▸ **Problem requirements**
Repeat exactly, and only, the lines of the entries below from the one with "#64=AXIS2_PLACEMENT_3D('',#61,#62,#63);" through the one with "#94=FACE_BOUND('',#93,.T.);", both ends included.

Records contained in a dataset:
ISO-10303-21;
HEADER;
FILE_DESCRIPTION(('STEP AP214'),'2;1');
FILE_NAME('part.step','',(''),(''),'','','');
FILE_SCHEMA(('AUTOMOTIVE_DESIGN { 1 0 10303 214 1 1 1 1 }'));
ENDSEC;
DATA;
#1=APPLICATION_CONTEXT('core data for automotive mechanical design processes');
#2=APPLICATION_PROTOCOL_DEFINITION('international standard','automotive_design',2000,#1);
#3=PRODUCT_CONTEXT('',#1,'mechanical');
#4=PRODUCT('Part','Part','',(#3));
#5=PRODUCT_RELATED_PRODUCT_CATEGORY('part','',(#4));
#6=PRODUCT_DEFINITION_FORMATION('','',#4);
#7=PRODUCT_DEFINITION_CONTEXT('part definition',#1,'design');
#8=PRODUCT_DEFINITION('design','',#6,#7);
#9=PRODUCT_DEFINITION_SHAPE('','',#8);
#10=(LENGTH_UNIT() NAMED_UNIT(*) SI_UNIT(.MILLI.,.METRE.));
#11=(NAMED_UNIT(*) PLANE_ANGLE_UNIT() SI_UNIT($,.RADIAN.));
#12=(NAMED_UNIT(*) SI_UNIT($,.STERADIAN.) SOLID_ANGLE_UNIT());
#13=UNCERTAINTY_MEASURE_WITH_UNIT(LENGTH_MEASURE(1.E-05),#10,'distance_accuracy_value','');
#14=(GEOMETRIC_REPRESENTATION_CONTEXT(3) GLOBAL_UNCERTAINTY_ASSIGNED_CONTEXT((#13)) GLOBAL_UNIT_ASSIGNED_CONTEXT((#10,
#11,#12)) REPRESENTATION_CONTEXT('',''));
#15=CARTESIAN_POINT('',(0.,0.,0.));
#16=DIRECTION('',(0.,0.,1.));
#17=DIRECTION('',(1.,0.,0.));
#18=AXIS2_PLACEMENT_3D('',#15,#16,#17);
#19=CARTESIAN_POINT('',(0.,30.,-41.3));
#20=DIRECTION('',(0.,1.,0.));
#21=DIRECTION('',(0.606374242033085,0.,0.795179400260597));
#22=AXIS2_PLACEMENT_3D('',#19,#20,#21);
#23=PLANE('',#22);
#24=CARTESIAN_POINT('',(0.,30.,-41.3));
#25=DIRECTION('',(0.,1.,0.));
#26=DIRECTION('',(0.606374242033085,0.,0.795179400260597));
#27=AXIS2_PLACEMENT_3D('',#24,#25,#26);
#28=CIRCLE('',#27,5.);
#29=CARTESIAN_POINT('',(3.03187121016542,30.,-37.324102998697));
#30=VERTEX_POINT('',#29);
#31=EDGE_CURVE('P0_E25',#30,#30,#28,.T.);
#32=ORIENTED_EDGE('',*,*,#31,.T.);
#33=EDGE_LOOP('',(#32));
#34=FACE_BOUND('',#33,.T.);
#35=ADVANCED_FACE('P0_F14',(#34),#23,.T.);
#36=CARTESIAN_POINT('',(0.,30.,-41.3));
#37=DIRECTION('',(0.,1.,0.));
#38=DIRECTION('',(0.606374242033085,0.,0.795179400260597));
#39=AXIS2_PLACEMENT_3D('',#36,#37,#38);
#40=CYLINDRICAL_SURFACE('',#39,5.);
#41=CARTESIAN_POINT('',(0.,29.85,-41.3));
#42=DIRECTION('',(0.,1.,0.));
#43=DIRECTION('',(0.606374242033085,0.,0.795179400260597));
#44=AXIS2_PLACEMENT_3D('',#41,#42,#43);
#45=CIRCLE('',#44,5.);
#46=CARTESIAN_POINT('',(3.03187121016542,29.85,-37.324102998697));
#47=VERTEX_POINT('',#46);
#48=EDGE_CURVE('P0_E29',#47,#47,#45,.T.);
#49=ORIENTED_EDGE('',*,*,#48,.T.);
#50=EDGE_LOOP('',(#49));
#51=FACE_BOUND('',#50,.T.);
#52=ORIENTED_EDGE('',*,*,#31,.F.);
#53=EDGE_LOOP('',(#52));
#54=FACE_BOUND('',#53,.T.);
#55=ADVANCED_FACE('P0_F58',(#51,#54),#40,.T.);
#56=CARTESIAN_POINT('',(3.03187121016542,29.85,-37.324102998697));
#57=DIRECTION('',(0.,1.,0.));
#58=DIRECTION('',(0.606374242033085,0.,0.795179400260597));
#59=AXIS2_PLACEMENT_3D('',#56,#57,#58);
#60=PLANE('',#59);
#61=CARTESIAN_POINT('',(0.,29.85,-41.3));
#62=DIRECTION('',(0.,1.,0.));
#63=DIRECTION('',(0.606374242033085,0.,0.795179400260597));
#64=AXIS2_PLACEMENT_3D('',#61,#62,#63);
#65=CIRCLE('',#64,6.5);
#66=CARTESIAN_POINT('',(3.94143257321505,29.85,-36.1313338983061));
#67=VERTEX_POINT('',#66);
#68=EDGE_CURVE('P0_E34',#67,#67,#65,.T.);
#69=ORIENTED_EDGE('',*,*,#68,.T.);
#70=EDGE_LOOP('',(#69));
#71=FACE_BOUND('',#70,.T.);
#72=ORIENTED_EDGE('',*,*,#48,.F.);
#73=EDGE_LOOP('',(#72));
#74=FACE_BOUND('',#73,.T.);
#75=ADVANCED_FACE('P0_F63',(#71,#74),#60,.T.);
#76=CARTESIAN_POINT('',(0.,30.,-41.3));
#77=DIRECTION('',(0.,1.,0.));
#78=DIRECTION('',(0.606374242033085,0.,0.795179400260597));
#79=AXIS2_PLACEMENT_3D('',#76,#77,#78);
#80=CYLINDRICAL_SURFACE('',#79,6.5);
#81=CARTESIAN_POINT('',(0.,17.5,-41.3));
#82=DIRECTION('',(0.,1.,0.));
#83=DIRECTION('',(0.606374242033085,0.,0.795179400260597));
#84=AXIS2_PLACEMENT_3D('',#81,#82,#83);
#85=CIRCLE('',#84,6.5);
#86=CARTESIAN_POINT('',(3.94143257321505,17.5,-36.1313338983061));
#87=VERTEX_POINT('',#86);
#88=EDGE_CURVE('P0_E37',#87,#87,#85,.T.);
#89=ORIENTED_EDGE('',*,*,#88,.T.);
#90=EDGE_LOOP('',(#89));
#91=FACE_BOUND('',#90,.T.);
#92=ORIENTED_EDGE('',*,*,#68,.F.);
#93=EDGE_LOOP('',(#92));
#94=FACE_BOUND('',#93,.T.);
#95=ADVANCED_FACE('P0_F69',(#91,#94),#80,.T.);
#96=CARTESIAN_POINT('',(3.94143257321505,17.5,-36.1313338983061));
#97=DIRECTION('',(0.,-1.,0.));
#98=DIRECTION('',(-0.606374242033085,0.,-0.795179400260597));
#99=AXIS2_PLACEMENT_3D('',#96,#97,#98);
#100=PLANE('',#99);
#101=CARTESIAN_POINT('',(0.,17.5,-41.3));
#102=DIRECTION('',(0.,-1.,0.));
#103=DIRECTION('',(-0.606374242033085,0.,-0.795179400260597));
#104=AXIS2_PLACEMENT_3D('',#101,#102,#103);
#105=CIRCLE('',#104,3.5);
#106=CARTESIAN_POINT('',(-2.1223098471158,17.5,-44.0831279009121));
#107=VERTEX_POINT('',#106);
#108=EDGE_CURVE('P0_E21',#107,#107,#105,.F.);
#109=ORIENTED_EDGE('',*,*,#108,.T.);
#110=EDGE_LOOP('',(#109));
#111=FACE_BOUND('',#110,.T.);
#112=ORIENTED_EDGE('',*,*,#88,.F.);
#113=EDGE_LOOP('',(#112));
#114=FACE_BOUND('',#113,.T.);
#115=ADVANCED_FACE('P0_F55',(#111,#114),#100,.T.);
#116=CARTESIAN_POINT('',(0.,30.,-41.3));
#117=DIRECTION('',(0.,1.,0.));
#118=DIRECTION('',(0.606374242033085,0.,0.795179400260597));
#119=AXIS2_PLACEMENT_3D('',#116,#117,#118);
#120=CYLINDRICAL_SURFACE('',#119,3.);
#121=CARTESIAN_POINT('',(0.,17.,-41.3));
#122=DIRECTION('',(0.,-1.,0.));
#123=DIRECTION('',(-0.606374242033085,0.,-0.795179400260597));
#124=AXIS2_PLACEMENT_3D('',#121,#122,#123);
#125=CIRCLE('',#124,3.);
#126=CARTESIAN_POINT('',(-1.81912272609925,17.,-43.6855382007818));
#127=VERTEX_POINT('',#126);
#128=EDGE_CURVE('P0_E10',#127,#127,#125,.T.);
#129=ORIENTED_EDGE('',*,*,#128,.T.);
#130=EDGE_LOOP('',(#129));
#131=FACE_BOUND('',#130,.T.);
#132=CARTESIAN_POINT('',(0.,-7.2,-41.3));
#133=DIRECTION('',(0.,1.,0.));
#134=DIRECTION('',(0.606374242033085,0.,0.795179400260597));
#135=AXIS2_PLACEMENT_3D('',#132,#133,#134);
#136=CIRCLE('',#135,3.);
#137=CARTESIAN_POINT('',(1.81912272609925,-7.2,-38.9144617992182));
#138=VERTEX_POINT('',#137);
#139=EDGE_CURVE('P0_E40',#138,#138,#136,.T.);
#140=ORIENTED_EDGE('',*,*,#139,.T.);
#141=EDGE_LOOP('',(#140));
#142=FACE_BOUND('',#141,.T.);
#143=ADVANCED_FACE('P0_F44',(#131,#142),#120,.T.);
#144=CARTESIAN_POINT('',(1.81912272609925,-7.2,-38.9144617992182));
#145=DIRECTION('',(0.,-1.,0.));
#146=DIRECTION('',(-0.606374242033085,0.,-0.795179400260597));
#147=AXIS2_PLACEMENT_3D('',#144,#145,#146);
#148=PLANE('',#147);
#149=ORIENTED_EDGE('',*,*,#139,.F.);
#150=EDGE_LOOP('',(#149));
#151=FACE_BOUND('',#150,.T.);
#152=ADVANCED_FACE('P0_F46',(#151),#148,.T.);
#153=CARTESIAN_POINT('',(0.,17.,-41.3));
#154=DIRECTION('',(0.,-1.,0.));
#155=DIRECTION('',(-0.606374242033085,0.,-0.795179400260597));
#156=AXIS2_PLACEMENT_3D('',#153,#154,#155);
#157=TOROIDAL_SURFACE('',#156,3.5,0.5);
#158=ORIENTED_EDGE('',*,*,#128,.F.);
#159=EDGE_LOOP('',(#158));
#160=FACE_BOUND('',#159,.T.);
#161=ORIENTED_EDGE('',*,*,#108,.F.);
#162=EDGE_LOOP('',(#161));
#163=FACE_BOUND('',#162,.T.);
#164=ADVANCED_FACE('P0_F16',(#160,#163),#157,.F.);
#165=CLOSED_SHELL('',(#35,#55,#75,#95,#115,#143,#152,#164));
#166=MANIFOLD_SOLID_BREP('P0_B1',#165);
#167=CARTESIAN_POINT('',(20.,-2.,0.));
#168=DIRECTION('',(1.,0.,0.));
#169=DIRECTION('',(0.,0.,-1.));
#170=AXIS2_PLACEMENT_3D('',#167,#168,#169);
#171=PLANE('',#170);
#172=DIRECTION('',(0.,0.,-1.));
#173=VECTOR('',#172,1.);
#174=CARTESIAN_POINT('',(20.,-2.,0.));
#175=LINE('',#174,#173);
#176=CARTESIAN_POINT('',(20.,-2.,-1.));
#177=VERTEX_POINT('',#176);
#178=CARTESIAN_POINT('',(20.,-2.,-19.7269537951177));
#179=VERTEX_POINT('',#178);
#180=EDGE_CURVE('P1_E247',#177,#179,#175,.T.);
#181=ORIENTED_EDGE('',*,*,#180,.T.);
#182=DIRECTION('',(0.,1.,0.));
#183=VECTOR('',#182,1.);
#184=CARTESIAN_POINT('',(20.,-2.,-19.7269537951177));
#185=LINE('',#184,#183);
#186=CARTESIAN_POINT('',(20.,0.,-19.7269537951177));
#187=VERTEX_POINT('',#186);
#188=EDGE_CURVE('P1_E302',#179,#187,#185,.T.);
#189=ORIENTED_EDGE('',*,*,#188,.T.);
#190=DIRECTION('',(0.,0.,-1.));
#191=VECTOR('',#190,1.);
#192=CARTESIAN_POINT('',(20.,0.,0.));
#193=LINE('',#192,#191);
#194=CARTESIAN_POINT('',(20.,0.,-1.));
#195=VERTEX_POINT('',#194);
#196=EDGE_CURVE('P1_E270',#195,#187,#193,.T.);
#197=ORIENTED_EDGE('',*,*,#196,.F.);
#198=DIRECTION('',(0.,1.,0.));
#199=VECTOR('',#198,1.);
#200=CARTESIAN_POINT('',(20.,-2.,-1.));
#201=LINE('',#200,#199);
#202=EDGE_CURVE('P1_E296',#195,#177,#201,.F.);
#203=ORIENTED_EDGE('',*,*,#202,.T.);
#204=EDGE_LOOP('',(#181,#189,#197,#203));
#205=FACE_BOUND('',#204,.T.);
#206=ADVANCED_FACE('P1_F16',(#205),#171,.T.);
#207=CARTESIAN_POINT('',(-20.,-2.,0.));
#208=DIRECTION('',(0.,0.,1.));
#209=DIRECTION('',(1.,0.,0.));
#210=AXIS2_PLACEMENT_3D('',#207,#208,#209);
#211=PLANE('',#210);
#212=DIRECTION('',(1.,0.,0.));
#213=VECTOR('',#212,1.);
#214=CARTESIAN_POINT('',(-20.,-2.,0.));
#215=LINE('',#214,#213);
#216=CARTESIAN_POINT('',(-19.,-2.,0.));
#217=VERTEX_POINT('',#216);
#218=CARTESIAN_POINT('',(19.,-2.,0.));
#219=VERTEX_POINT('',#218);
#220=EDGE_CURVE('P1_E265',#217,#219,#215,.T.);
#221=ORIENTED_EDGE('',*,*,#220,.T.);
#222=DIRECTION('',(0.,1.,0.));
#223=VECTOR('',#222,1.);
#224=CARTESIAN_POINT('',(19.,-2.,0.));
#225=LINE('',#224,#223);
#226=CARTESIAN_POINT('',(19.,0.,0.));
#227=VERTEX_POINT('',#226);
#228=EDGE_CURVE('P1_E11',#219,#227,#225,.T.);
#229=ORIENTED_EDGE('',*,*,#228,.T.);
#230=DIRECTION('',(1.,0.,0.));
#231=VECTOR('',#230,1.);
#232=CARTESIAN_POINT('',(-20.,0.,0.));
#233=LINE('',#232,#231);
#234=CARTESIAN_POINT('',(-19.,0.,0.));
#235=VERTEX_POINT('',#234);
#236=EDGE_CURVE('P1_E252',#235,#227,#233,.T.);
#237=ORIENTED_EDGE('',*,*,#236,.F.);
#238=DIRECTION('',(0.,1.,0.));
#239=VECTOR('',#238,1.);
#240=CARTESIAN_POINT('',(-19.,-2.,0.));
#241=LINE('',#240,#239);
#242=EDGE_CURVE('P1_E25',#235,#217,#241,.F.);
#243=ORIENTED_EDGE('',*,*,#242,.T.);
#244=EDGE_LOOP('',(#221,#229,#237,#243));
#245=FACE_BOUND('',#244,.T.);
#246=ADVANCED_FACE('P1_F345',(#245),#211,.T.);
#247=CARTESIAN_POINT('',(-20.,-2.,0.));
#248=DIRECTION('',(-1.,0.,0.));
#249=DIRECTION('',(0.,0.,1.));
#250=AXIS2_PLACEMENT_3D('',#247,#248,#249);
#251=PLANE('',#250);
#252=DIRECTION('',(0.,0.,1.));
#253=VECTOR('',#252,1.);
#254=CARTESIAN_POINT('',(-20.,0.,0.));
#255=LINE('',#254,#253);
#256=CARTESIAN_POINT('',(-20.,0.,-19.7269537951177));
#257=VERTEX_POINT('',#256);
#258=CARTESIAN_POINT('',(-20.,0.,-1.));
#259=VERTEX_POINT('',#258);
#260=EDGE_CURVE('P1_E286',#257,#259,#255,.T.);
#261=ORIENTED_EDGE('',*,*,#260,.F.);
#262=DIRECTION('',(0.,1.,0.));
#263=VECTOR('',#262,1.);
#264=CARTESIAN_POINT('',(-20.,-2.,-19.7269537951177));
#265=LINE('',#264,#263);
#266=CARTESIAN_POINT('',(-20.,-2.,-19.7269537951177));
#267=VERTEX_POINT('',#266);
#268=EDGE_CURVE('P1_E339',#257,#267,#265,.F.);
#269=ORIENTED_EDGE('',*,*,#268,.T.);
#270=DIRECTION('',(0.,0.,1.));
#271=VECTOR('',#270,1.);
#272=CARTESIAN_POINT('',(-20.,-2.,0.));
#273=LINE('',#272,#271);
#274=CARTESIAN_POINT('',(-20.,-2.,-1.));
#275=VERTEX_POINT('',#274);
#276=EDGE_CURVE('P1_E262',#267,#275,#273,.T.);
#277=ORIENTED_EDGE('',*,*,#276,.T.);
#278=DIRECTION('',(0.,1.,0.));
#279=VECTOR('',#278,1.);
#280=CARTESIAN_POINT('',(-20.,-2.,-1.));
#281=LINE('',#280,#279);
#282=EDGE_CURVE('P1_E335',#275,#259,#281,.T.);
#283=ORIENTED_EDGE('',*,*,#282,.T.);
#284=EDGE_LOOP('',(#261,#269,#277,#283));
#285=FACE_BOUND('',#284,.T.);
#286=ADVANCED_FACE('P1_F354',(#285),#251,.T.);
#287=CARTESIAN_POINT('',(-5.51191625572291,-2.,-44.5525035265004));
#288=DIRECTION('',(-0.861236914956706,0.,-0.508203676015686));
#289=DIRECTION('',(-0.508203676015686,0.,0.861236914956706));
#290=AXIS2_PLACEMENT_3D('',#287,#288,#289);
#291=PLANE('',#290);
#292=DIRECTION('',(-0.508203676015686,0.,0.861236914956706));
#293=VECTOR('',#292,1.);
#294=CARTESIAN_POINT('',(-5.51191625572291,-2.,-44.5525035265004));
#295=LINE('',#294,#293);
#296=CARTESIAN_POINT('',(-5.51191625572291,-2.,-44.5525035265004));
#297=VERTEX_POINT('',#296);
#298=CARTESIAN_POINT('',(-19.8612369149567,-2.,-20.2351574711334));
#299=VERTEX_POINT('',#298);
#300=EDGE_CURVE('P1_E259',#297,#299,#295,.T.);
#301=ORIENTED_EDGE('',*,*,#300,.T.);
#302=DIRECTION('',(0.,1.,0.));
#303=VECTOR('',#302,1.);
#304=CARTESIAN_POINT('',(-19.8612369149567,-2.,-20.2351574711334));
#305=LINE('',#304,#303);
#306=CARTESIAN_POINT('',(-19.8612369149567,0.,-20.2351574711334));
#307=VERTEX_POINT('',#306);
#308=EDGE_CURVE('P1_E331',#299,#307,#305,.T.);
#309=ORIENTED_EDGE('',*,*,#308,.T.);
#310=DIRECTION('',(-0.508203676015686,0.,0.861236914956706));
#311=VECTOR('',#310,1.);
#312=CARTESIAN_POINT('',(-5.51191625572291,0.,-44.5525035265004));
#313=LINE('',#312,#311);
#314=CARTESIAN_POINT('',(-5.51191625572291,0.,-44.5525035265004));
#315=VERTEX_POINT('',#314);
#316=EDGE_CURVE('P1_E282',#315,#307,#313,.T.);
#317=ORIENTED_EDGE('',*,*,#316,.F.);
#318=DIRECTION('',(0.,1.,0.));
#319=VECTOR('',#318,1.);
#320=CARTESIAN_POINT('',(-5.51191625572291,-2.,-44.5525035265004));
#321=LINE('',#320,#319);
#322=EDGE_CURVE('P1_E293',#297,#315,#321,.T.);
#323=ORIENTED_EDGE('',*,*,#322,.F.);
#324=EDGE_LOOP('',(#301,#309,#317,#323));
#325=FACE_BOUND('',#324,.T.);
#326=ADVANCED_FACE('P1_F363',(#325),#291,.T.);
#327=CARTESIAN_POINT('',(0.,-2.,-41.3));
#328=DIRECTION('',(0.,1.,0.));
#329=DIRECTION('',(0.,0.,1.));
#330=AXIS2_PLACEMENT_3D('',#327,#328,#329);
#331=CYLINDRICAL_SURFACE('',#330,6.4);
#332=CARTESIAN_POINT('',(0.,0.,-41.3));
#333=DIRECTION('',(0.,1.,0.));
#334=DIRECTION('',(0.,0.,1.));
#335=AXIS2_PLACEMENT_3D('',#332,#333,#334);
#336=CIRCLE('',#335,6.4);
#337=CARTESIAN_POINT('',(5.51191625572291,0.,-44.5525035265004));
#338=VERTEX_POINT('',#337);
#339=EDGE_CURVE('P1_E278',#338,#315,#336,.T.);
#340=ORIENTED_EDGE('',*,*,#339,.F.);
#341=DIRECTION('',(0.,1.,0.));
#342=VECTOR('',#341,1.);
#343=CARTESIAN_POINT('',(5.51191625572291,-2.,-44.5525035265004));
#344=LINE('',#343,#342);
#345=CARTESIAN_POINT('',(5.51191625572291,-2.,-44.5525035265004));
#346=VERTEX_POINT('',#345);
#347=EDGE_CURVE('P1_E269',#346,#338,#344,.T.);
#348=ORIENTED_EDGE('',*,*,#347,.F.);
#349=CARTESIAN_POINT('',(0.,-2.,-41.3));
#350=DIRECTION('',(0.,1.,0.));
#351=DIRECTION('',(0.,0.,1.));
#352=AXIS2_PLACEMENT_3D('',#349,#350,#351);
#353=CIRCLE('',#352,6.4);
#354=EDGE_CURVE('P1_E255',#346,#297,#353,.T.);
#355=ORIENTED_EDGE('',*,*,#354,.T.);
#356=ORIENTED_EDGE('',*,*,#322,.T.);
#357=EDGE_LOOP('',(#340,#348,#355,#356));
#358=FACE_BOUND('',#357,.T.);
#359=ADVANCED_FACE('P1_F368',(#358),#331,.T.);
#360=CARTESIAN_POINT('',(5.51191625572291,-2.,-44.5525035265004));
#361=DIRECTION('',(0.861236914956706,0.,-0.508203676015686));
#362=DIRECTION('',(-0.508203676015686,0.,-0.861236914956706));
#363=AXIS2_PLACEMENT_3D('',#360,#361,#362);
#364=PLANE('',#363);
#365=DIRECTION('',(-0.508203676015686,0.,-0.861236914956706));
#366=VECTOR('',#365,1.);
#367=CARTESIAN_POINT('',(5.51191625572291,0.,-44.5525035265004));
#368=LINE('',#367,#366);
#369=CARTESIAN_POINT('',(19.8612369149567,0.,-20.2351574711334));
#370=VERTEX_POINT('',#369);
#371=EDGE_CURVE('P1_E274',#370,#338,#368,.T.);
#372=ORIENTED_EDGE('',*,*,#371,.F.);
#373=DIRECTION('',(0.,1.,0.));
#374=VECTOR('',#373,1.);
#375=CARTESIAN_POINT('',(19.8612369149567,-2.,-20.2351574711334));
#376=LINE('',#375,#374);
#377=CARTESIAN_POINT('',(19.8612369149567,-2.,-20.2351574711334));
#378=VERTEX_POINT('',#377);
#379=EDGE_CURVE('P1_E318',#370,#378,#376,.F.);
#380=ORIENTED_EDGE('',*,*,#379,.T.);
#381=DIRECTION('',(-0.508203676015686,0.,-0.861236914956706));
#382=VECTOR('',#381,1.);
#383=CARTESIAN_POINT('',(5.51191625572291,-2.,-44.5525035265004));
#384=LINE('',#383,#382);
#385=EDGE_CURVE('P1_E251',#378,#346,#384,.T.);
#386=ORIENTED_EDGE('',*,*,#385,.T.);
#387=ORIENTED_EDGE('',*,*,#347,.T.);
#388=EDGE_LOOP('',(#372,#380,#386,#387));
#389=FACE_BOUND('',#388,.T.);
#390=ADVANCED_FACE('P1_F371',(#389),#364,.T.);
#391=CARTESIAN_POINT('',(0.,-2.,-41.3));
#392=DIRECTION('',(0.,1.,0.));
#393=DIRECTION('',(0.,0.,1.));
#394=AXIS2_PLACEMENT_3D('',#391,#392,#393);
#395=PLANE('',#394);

▸ **Exercise output**
#64=AXIS2_PLACEMENT_3D('',#61,#62,#63);
#65=CIRCLE('',#64,6.5);
#66=CARTESIAN_POINT('',(3.94143257321505,29.85,-36.1313338983061));
#67=VERTEX_POINT('',#66);
#68=EDGE_CURVE('P0_E34',#67,#67,#65,.T.);
#69=ORIENTED_EDGE('',*,*,#68,.T.);
#70=EDGE_LOOP('',(#69));
#71=FACE_BOUND('',#70,.T.);
#72=ORIENTED_EDGE('',*,*,#48,.F.);
#73=EDGE_LOOP('',(#72));
#74=FACE_BOUND('',#73,.T.);
#75=ADVANCED_FACE('P0_F63',(#71,#74),#60,.T.);
#76=CARTESIAN_POINT('',(0.,30.,-41.3));
#77=DIRECTION('',(0.,1.,0.));
#78=DIRECTION('',(0.606374242033085,0.,0.795179400260597));
#79=AXIS2_PLACEMENT_3D('',#76,#77,#78);
#80=CYLINDRICAL_SURFACE('',#79,6.5);
#81=CARTESIAN_POINT('',(0.,17.5,-41.3));
#82=DIRECTION('',(0.,1.,0.));
#83=DIRECTION('',(0.606374242033085,0.,0.795179400260597));
#84=AXIS2_PLACEMENT_3D('',#81,#82,#83);
#85=CIRCLE('',#84,6.5);
#86=CARTESIAN_POINT('',(3.94143257321505,17.5,-36.1313338983061));
#87=VERTEX_POINT('',#86);
#88=EDGE_CURVE('P0_E37',#87,#87,#85,.T.);
#89=ORIENTED_EDGE('',*,*,#88,.T.);
#90=EDGE_LOOP('',(#89));
#91=FACE_BOUND('',#90,.T.);
#92=ORIENTED_EDGE('',*,*,#68,.F.);
#93=EDGE_LOOP('',(#92));
#94=FACE_BOUND('',#93,.T.);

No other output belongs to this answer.